La diferencia no es amenaza: es vínculo. Pensar distinto no rompe nada; rompe más fingir que se piensa igual. Si queremos construir relaciones adultas, profundas y verdaderas, necesitamos recuperar el derecho a disentir. Como escribió Søren Kierkegaard, “la desesperación más profunda es perderse a sí mismo” (La enfermedad mortal, 1849). Y muchas personas se pierden intentando sostener relaciones donde no hay espacio para la propia voz. Recuperar la diferencia implica reconocer que el otro no está obligado a coincidir conmigo. Implica entender que amar no es exigir, sino escuchar. Implica aceptar que el desacuerdo no es sinónimo de conflicto, sino de humanidad. En análisis, uno de los trabajos más significativos es ayudar al paciente a recuperar su propio criterio, su propio deseo, su propia palabra, después de años de ceder para sostener un pseudo-consenso emocional.

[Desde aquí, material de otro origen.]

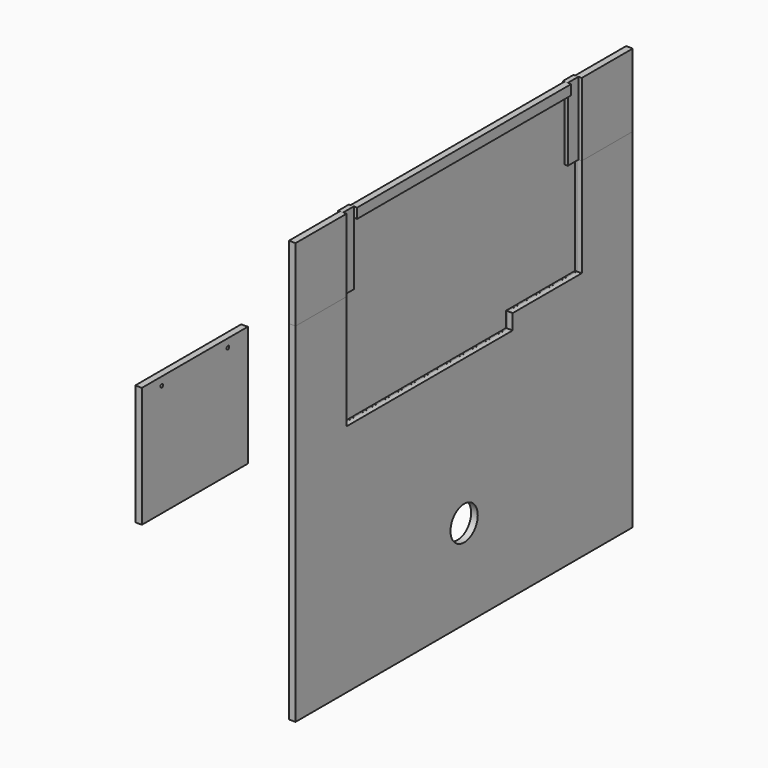
from build123d import *

# Parameters (mm, degrees)
F1_W          = 39.878
F1_H          = 36.322
F1_R          = 0.5
F2_DEPTH      = 2
F4_DEPTH      = 0.5
F5_T          = -0.01
F0_R          = 5.1320105677
F6_DEPTH      = 2
F0_R_2        = 0.005
F7_DEPTH      = 2
F0_W          = 4
F0_H          = 3
F0_H_2        = 19
F8_DEPTH      = 1
F8_DEPTH_BACK = 0.5


# Not quite as in the source:
# - the program builds the solid bodies; features that only make, move or delete a surface that nothing else refers to are left out


with BuildPart() as f2:
    # F1 (on Right) → F2 (new body)
    with BuildSketch(Plane.YZ):
        with Locations((-85.3744426475, 47.5188505783)):
            Rectangle(F1_W, F1_H)
        with Locations((-97.8306755424, 63.1798505783)):
            Circle(F1_R, mode=Mode.SUBTRACT)
        with Locations((-72.9284426475, 63.1798505783)):
            Circle(F1_R, mode=Mode.SUBTRACT)
    extrude(amount=F2_DEPTH)


with BuildPart() as f4:
    # F0 (on Right) → F4 (new body)
    with BuildSketch(Plane.YZ):
        Polygon((-24.2435368776, 58.5436199023), (-28.2435368776, 58.5436199023), (-28.2435368776, 24.1436199023), (34.3564631224, 24.1436199023), (34.3564631224, 28.7436199023), (34.3564631224, 77.5436199023), (-24.2435368776, 77.5436199023), align=None)
        Polygon((56.3564631224, 58.5436199023), (56.3564631224, 77.5436199023), (34.3564631224, 77.5436199023), (34.3564631224, 28.7436199023), (60.3564631224, 28.7436199023), (60.3564631224, 58.5436199023), align=None)
    extrude(amount=F4_DEPTH)

    # F5
    f5_openings = [f4.faces().sort_by_distance(p)[0] for p in [
        (0.5, 15.21705, 50.911751),
    ]]
    offset(amount=F5_T, openings=f5_openings, kind=Kind.INTERSECTION)


with BuildPart() as f6:
    # F0 (on Right) → F6 (new body)
    with BuildSketch(Plane.YZ):
        Polygon((-28.2435368776, 58.5436199023), (-47.4435368776, 58.5436199023), (-47.4435368776, -46.4563800977), (79.5564631224, -46.4563800977), (79.5564631224, 58.5436199023), (60.3564631224, 58.5436199023), (60.3564631224, 28.7436199023), (34.3564631224, 28.7436199023), (34.3564631224, 24.1436199023), (-28.2435368776, 24.1436199023), align=None)
        with Locations((16.0564631224, -19.5390637964)):
            Circle(F0_R, mode=Mode.SUBTRACT)
    extrude(amount=F6_DEPTH)


with BuildPart() as f7:
    # F0 (on Right) → F7 (new body)
    with BuildSketch(Plane.YZ):
        Polygon((-28.2435368776, 80.5436199023), (-47.4435368776, 80.5436199023), (-47.4435368776, 58.5436199023), (-28.2435368776, 58.5436199023), (-28.2435368776, 77.5436199023), align=None)
        with Locations((-38.3837649822, 80.4212242365)):
            Circle(F0_R_2, mode=Mode.SUBTRACT)
        with Locations((-37.3837649822, 80.4212242365)):
            Circle(F0_R_2, mode=Mode.SUBTRACT)
    extrude(amount=F7_DEPTH)


with BuildPart() as f7b:
    # F0 (on Right) → F7, piece 2 (new body)
    with BuildSketch(Plane.YZ):
        Polygon((79.5564631224, 80.5436199023), (60.3564631224, 80.5436199023), (60.3564631224, 77.5436199023), (60.3564631224, 58.5436199023), (79.5564631224, 58.5436199023), align=None)
        with Locations((69.4271420836, 80.4418772459)):
            Circle(F0_R_2, mode=Mode.SUBTRACT)
        with Locations((70.4271420836, 80.4418772459)):
            Circle(F0_R_2, mode=Mode.SUBTRACT)
    extrude(amount=F7_DEPTH)


with BuildPart() as f7c:
    # F0 (on Right) → F7, piece 3 (new body)
    with BuildSketch(Plane.YZ):
        Polygon((56.3564631224, 80.5436199023), (-24.2435368776, 80.5436199023), (-24.2435368776, 77.5436199023), (34.3564631224, 77.5436199023), (56.3564631224, 77.5436199023), align=None)
    extrude(amount=F7_DEPTH)


with BuildPart() as f8:
    # F0 (on Right) → F8 (new body, two sides)
    with BuildSketch(Plane.YZ) as f8_sk:
        with Locations((-26.2435368776, 79.0436199023)):
            Rectangle(F0_W, F0_H)
        with Locations((-26.2435368776, 68.0436199023)):
            Rectangle(F0_W, F0_H_2)
    extrude(amount=F8_DEPTH)
    extrude(f8_sk.sketch, amount=-F8_DEPTH_BACK)


with BuildPart() as f8b:
    # F0 (on Right) → F8, piece 2 (new body, two sides)
    with BuildSketch(Plane.YZ) as f8_2_sk:
        with Locations((58.3564631224, 79.0436199023)):
            Rectangle(F0_W, F0_H)
        with Locations((58.3564631224, 68.0436199023)):
            Rectangle(F0_W, F0_H_2)
    extrude(amount=F8_DEPTH)
    extrude(f8_2_sk.sketch, amount=-F8_DEPTH_BACK)


solid = Compound([f2.part, f4.part, f6.part, f7.part, f7b.part, f7c.part, f8.part, f8b.part])

La diferencia es el espacio donde las dos subjetividades se encuentran sin perderse. Es el territorio donde se puede hablar, negociar, disentir, reconciliarse. Sin diferencia, sólo hay fusión; y la fusión, aunque parezca romántica, es una forma de anulación. El sujeto se convierte en sombra del otro, en eco, en asistente emocional. Ninguna relación puede florecer ahí. Por eso, quizá, la frase inicial es más profunda de lo que parece: cuando dos “piensan igual”, alguien está renunciando a sí mismo. La tarea no es romper esas relaciones, sino transformarlas. Hacer espacio para la voz que no se ha escuchado, para el desacuerdo que nunca se ha permitido, para la subjetividad que ha esperado demasiado tiempo en silencio.

Reflexión final

Queridos(as) lectores(as), todos hemos sido alguno de los dos: el que cede demasiado o el que, sin darse cuenta, pide demasiado. Todos hemos participado del engaño del pseudo-consenso. Todos hemos tenido miedo de hablar o hemos disfrutado de que el otro calle. La pregunta importante no es “¿quién tiene la razón?”, sino: ¿qué verdad no se está diciendo en mi relación? ¿Dónde he pensado por dos? ¿Dónde he permitido que otro piense por mí?
¿En qué lugar de mi vida he confundido capricho con amor, comodidad con armonía, silencio con paz?
La diferencia no rompe. Lo que rompe es la renuncia interior. Que podamos recuperar nuestra voz y, desde ella, construir vínculos donde pensar juntos no sea pensar igual, sino pensar de verdad.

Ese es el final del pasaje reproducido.